TO DO: The lines you return must be all those in the data that hold the string "radius".

--------------------

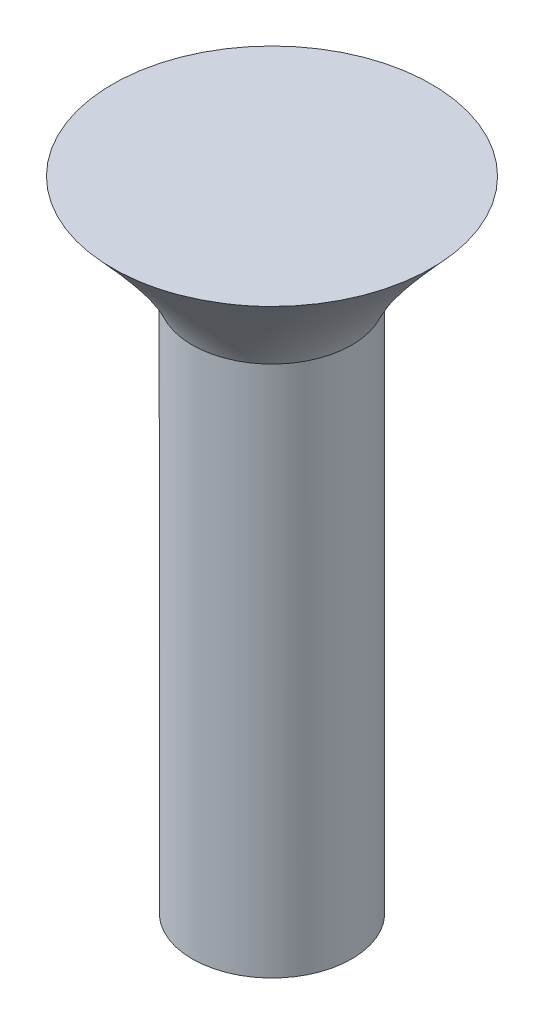
SolidWorks part; units mm, degrees
ref_plane "Front Plane" through (0, 0, 0) normal (0, 0, 1) x (1, 0, 0)
ref_plane "Top Plane" through (0, 0, 0) normal (0, 1, 0) x (1, 0, 0)
ref_plane "Right Plane" through (0, 0, 0) normal (1, 0, 0) x (0, 0, -1)
sketch "Sketch1" plane through (0, 0, 0) normal (0, 1, 0) x (1, 0, 0)
  circle A0 centre (0, 0) radius 3
  dimension "D1" = 6
extrude "Boss-Extrude1" add sketch "Sketch1" along normal blind 20
ref_plane "Plane1" through (0, 24, 0) normal (0, 1, 0) x (1, 0, 0)
sketch "Sketch2" plane through (0, 24, 0) normal (0, 1, 0) x (1, 0, 0)
  circle A0 centre (0, 0) radius 6
  dimension "D1" = 12
sketch "Sketch3" plane through (0, 20, 0) normal (0, 1, 0) x (1, 0, 0)
  circle A1 centre (0, 0) radius 3
  circle A2 centre (0, 0) radius 3
  dimension "D1" = 0
loft "Loft1" add profiles "Sketch3", "Sketch2" connector at (-2.7342, 20, -1.2345) connector at (-2.7038, 24, -5.3563)

--------------------

EXERCISE SOLUTION:
  circle A0 centre (0, 0) radius 3
  circle A0 centre (0, 0) radius 6
  circle A1 centre (0, 0) radius 3
  circle A2 centre (0, 0) radius 3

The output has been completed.